Want more? The full recap starts right below!Boy, they are not kidding with that "Due to violent content, viewer discretion is advised" warning at the top of the show. Because that caption barely faded to black by the time we’re treated to a few seconds of a very bloody, very wounded Ressler being tended to by a weary-looking Reddington with a very sharp-looking knife. How did we arrive at this rather sorry state of affairs? Let’s flash back to 13 hours earlier at a Bavarian beer hall, where it seems we could have started this episode in the first place without any hiccup in the narrative. Red is having a few comically over-sized steins of beer with some of his criminal chums to celebrate some lucrative caper that happened off camera. That’s when Ressler shows up -- the buzz kill. Reddington pretends like he’s a State Department mole being flown off to Bavaria as some sort of Crooked Employee of the Month award, just to keep his criminal pals from getting suspicious. But the real reason Ressler high-tailed it off to Germany is because Keen needs Reddington, or so Ressler says. Reddington wisely surmises that if this is actually the case, then whey isn’t Keen here herself? Because she’s been detained, Ressler responds. For what reason, Reddington demands. Sounds like a case of the bullshits to me.

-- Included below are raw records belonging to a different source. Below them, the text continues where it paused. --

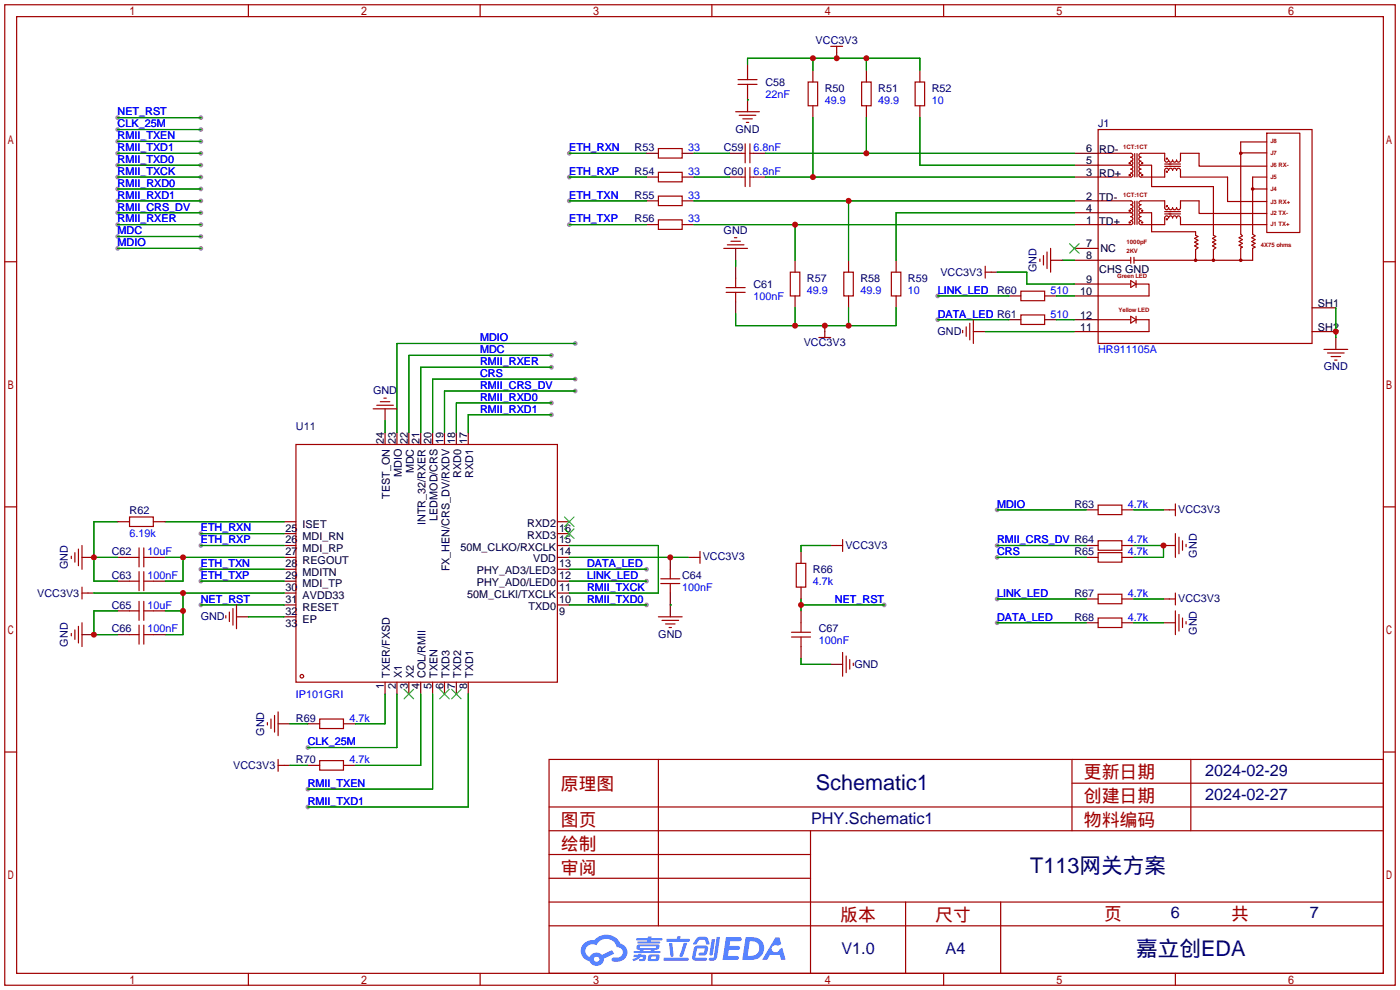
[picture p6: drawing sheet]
<svg xmlns="http://www.w3.org/2000/svg" width="299mm" height="212mm" viewBox="0 0 299 212" stroke-linecap="round" stroke-linejoin="round" font-family="sans-serif">
<g fill="#999">
<circle cx="200.4" cy="63.2" r=".51"/>
<circle cx="200.4" cy="68.3" r=".51"/>
<circle cx="42.9" cy="114" r=".51"/>
<circle cx="42.9" cy="116.6" r=".51"/>
<circle cx="42.9" cy="121.7" r=".51"/>
<circle cx="42.9" cy="124.2" r=".51"/>
<circle cx="121.7" cy="32.8" r=".51"/>
<circle cx="121.7" cy="37.8" r=".51"/>
<circle cx="121.7" cy="42.9" r=".51"/>
<circle cx="121.7" cy="48" r=".51"/>
<circle cx="42.9" cy="129.3" r=".51"/>
<circle cx="65.8" cy="159.8" r=".51"/>
<circle cx="65.8" cy="168.7" r=".51"/>
<circle cx="65.8" cy="172.5" r=".51"/>
<circle cx="138.2" cy="129.3" r=".51"/>
<circle cx="138.2" cy="124.2" r=".51"/>
<circle cx="138.2" cy="121.7" r=".51"/>
<circle cx="117.9" cy="86.1" r=".51"/>
<circle cx="117.9" cy="88.6" r=".51"/>
<circle cx="122.9" cy="83.6" r=".51"/>
<circle cx="122.9" cy="81" r=".51"/>
<circle cx="117.9" cy="78.5" r=".51"/>
<circle cx="117.9" cy="75.9" r=".51"/>
<circle cx="122.9" cy="73.4" r=".51"/>
<circle cx="189" cy="129.3" r=".51"/>
<circle cx="213.1" cy="128" r=".51"/>
<circle cx="213.1" cy="133.1" r=".51"/>
<circle cx="213.1" cy="109" r=".51"/>
<circle cx="213.1" cy="116.6" r=".51"/>
<circle cx="213.1" cy="119.1" r=".51"/>
<circle cx="25.1" cy="27.7" r=".51"/>
<circle cx="42.9" cy="27.7" r=".51"/>
<circle cx="25.1" cy="30.2" r=".51"/>
<circle cx="42.9" cy="30.2" r=".51"/>
<circle cx="25.1" cy="32.8" r=".51"/>
<circle cx="42.9" cy="32.8" r=".51"/>
<circle cx="25.1" cy="25.1" r=".51"/>
<circle cx="42.9" cy="25.1" r=".51"/>
<circle cx="25.1" cy="35.3" r=".51"/>
<circle cx="42.9" cy="35.3" r=".51"/>
<circle cx="25.1" cy="37.8" r=".51"/>
<circle cx="42.9" cy="37.8" r=".51"/>
<circle cx="25.1" cy="45.5" r=".51"/>
<circle cx="42.9" cy="45.5" r=".51"/>
<circle cx="25.1" cy="48" r=".51"/>
<circle cx="42.9" cy="48" r=".51"/>
<circle cx="25.1" cy="50.5" r=".51"/>
<circle cx="42.9" cy="50.5" r=".51"/>
<circle cx="25.1" cy="53.1" r=".51"/>
<circle cx="42.9" cy="53.1" r=".51"/>
<circle cx="42.9" cy="40.4" r=".51"/>
<circle cx="25.1" cy="40.4" r=".51"/>
<circle cx="42.9" cy="42.9" r=".51"/>
<circle cx="25.1" cy="42.9" r=".51"/>
</g>
<g fill="none" stroke="#a10000" stroke-width=".25">
<path d="M1 1h297.2v209.6h-297.2zM3.6 3.6h292.1v204.4h-292.1zM53.1 1v2.6M102.6 1v2.6M152.1 1v2.6M201.7 1v2.6M251.2 1v2.6M1 55.9h2.6M295.7 55.9h2.5M1 108.3h2.6M295.7 108.3h2.5M1 160.7h2.6"/>
<path d="M117.3 162.3h178.4v45.7h-178.4zM117.3 177.5h178.4M117.3 172.5h178.4M140.7 162.3v35.6M173.2 177.5v30.5M229.1 162.3v15.2M229.1 167.4h66.6M254.5 162.3v15.2M295.7 160.7h2.5M117.3 182.6h55.9M117.3 197.9h178.4M117.3 192.8h178.4"/>
<path d="M117.3 187.7h55.9M193.5 192.8v15.2M213.9 192.8v15.2M53.1 208v2.6M102.6 208v2.6M152.1 208v2.6M201.7 208v2.6M251.2 208v2.6"/>
</g>
<g fill="#5487ff">
<path d="M155.2 200.3h2.6a.48 .48 0 0 1 .7 .4 .48 .48 0 0 1-.6 .4h-1.8l-.2 1.1h1.9a.43 .43 0 0 1 .4 .4 .43 .43 0 0 1-.5 .4h-1.9l-.2 1.3h1.7a.45 .45 0 0 1 .5 .2 .45 .45 0 0 1-.1 .6h-3.3z"/>
<path d="M165.7 200.3h.9l.4 1.5-.8 .3a.84 .84 0 0 0-1.2 .3 .84 .84 0 0 0 .4 1.1 .84 .84 0 0 0 1.1-.4l.1-.2 .6-.3 .7 2.5h-1l-.2-1h-2.1l-.6 1h-1.1z"/>
<path d="M152.1 200.8h.7l-.5 3.1a.36 .36 0 0 1-.3 .3 .36 .36 0 0 1-.4-.3z"/>
<path d="M153.2 200.2h.7l-.6 4.3a1.13 1.13 0 0 1-1.8 .6l.2-.4h.7l.2-.2z"/>
<path d="M148.9 200.6l.6-.4h1a.77 .77 0 0 1 .9 .5l.3 1-.2 .2h-.5l-.3-.9-.2-.2-1 .1-.7 1-.6-.1-.1-.2z"/>
<path d="M148.4 202.4l.6-.3h1.7a.81 .81 0 0 1 .7 .5 .81 .81 0 0 1-.2 .8 .81 .81 0 0 1-.9 .8h-.7a.32 .32 0 0 1-.3-.3 .32 .32 0 0 1 .4-.3h.7l.2-.9-1.6 .1-.4 1.8 2.2 .1a.32 .32 0 0 1 .3 .4 .32 .32 0 0 1-.4 .2h-2.2l-.5-.3-.1-.5z"/>
<path d="M141.9 204.7h5a.33 .33 0 0 1 .3 .3 .33 .33 0 0 1-.3 .3h-4.9l-.2-.1z"/>
<path d="M146.1 201.5h.8l-.7 2a.98 .98 0 0 1-.7 1.1l-.3-.3z"/>
<path d="M143 201.6h.7l.3 2.5a.34 .34 0 0 1-.3 .4 .34 .34 0 0 1-.4-.3z"/>
<path d="M142.5 200.7h2.1l.3-.6h.6l-.1 .6h1.7a.32 .32 0 0 1 .4 .3 .32 .32 0 0 1-.4 .3h-4.5l-.2-.2z"/>
<path d="M135.5 204.1h.9l.1-.3h.6v.3h.8a.82 .82 0 0 1-.5 1.3h-.8v-.4l.7-.1 .1-.3a.68 .68 0 0 0-1 .4l-1.1 .4-.1-.4 .9-.5h-.7z"/>
<path d="M136 200.5h2.4l.1-.3h.7v.3h2.2l.2 .3-.2 .2h-2.3v.2h1.8l.2 .3-.2 .1h-4.5l-.1-.4h2l.1-.2h-2.3l-.1-.2z"/>
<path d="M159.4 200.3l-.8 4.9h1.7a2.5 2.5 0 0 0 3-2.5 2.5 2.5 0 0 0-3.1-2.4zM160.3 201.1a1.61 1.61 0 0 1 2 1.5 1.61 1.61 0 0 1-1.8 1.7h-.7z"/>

And indeed, by "detained," Ressler apparently meant "still mourning her recently dead adoptive father" and going through boxes of his effects, which include a singed stuffed bunny. That, in turn, triggers a flashback to the fire that scarred Lizzie both literally and figuratively in her childhood, which we heard about ever so briefly in the pilot episode, but not so much since. Lizzie is many things right now, but detained isn’t one of them. She is wearing a robe that suggests she’s been cast as Yum Yum in a local theater group’s production of The Mikado, so maybe that will take her mind off her grief.
But Reddington doesn’t know any of this, and he’s flown back to the FBI’s Super Secret BlackOps Center where he and his henchman (Luli and Dembe, if you’re scoring along at home) are placed in protective custody. Instead of examining the kind of complicated trust issues that have created the need for a ruse like this to bring Reddington in from the cold, we’re instead treated to some FBI-provided exposition: there’s an imminent threat on Reddington’s life. Reddington scoffs that there’s always an imminent threat on his life. He’s not scoffing when he finds out who the would-be assassin is, though -- a fellow by the name of Anslo Garrick. But that’s only because Reddington has figured out what the FBI is too thick-headed to have worked out on its own. That the FBI’s information likely came from Garrick himself and that he fed it to the FBI precisely so that the usually hard-to-find Reddington can be easily tracked down to a predetermined location. Reddington explains this slowly, as if he’s talking to children, in large part because that’s about the cognitive capacity of the open-mouthed-breathing FBI agents he’s talking to. But it also allows us to cut away to an assault team methodically infiltrating the FBI’s BlackOps Center in the exact manner that Reddington describes.